=== RECORDS FOR THE TASK ===

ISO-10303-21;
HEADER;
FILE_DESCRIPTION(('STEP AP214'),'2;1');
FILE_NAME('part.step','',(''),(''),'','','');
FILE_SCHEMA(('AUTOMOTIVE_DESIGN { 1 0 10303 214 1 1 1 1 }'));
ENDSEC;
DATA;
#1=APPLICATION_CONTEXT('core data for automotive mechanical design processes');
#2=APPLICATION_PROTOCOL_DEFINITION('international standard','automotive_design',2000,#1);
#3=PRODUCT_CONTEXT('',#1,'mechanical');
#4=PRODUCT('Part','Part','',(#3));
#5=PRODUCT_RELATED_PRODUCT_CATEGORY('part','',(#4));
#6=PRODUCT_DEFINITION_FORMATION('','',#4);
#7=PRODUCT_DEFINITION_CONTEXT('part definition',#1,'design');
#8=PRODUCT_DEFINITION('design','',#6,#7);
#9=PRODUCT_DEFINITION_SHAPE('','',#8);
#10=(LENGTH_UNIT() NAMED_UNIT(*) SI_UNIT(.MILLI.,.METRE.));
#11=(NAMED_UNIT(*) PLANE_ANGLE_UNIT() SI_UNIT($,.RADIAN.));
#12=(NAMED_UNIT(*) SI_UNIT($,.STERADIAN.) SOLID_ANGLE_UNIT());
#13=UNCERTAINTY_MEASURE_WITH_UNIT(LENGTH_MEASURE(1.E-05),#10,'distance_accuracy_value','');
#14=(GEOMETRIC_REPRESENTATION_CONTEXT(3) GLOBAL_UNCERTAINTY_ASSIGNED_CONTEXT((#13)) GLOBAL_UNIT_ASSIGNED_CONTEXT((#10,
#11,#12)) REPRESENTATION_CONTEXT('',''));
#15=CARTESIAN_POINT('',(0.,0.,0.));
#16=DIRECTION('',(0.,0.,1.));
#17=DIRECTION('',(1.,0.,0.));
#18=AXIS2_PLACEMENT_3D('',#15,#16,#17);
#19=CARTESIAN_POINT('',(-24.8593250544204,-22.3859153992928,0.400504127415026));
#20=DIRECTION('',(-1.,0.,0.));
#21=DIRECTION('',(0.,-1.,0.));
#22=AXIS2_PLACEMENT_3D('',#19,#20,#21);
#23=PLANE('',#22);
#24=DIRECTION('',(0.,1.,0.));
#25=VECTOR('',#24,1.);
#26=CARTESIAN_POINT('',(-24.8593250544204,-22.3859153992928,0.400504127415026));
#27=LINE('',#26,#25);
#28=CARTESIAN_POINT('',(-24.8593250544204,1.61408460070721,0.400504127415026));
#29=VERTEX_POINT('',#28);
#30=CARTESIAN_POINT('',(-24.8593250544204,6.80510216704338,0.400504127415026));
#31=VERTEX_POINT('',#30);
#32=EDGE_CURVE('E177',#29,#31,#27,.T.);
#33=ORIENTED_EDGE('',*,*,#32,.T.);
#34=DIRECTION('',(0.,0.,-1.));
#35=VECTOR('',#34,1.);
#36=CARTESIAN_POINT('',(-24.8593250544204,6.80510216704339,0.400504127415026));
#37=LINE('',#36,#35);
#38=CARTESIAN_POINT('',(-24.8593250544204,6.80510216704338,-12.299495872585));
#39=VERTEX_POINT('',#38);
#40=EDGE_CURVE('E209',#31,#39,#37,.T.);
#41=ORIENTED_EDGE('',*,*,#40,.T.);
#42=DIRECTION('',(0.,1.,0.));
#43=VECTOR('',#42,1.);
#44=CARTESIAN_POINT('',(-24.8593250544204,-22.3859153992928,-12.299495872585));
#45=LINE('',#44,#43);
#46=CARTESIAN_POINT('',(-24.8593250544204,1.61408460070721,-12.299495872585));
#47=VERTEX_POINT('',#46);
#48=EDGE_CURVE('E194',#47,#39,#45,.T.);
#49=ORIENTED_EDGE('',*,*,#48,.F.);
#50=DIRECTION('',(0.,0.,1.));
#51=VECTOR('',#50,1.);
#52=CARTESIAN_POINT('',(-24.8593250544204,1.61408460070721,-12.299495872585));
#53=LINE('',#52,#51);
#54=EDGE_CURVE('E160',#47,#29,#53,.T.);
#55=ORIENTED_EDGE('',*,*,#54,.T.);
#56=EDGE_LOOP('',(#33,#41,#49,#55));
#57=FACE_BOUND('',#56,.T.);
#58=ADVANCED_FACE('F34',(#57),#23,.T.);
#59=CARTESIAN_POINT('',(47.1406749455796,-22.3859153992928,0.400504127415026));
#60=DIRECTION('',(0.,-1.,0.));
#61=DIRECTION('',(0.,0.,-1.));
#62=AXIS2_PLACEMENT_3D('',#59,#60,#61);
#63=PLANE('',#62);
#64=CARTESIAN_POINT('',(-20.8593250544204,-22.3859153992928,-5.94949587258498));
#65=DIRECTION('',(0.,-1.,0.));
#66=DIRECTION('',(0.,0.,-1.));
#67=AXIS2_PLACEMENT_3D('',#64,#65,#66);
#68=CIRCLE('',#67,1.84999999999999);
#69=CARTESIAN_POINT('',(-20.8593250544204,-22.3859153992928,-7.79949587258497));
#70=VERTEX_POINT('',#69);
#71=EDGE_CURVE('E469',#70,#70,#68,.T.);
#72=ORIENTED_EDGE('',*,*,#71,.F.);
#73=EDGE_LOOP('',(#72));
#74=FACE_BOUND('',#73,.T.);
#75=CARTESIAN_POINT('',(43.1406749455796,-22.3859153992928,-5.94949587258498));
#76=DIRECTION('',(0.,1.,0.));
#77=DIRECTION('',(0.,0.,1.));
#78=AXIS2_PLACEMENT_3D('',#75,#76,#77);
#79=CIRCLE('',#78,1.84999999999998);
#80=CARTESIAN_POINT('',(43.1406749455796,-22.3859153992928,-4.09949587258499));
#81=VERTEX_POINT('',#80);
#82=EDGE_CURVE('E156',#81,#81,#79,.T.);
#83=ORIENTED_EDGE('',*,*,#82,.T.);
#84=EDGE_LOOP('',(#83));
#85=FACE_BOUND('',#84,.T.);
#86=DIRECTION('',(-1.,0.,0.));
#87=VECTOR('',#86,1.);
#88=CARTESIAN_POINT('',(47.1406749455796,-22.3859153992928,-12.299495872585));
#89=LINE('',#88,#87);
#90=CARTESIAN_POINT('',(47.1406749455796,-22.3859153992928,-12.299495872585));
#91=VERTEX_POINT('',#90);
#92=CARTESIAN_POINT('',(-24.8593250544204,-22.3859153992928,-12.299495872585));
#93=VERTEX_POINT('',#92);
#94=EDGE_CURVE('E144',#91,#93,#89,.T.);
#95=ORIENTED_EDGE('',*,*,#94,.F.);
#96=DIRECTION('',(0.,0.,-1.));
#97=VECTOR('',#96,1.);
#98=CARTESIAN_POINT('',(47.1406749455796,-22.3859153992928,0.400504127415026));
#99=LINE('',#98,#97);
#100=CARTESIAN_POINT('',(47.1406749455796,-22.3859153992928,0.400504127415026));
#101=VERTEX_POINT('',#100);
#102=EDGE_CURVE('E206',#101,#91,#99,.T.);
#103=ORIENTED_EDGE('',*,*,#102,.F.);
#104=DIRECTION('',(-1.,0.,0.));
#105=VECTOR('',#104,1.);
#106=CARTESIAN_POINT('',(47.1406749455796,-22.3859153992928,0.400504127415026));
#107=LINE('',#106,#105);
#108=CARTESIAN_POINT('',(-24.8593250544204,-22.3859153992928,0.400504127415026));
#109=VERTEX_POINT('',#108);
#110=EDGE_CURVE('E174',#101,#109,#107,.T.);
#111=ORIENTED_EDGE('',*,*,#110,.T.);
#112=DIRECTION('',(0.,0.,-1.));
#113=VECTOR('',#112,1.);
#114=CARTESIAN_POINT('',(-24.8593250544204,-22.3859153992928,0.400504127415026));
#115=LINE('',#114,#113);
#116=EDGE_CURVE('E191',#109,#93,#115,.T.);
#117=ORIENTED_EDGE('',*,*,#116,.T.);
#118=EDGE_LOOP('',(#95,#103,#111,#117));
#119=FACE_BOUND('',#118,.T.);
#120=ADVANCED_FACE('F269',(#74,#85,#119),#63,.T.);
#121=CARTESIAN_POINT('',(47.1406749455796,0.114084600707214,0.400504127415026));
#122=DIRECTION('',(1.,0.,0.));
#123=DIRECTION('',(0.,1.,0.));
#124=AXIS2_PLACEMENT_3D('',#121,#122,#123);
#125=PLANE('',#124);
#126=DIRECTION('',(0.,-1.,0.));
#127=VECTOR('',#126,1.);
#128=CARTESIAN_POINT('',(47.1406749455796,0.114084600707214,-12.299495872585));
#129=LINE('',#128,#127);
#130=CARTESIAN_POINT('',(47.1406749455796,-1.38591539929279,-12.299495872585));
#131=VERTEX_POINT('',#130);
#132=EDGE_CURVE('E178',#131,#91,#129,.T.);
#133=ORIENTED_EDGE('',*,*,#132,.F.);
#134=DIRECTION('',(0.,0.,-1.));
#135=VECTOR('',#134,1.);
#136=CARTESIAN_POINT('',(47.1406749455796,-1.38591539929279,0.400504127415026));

===

■ WORK REQUIRED ■
Could you write out, exactly as they stand, only the lines above that begin at the line with "#11,#12)) REPRESENTATION_CONTEXT('',''));" and stop after the line with "#23=PLANE('',#22);"?

■ RESULT ■
#11,#12)) REPRESENTATION_CONTEXT('',''));
#15=CARTESIAN_POINT('',(0.,0.,0.));
#16=DIRECTION('',(0.,0.,1.));
#17=DIRECTION('',(1.,0.,0.));
#18=AXIS2_PLACEMENT_3D('',#15,#16,#17);
#19=CARTESIAN_POINT('',(-24.8593250544204,-22.3859153992928,0.400504127415026));
#20=DIRECTION('',(-1.,0.,0.));
#21=DIRECTION('',(0.,-1.,0.));
#22=AXIS2_PLACEMENT_3D('',#19,#20,#21);
#23=PLANE('',#22);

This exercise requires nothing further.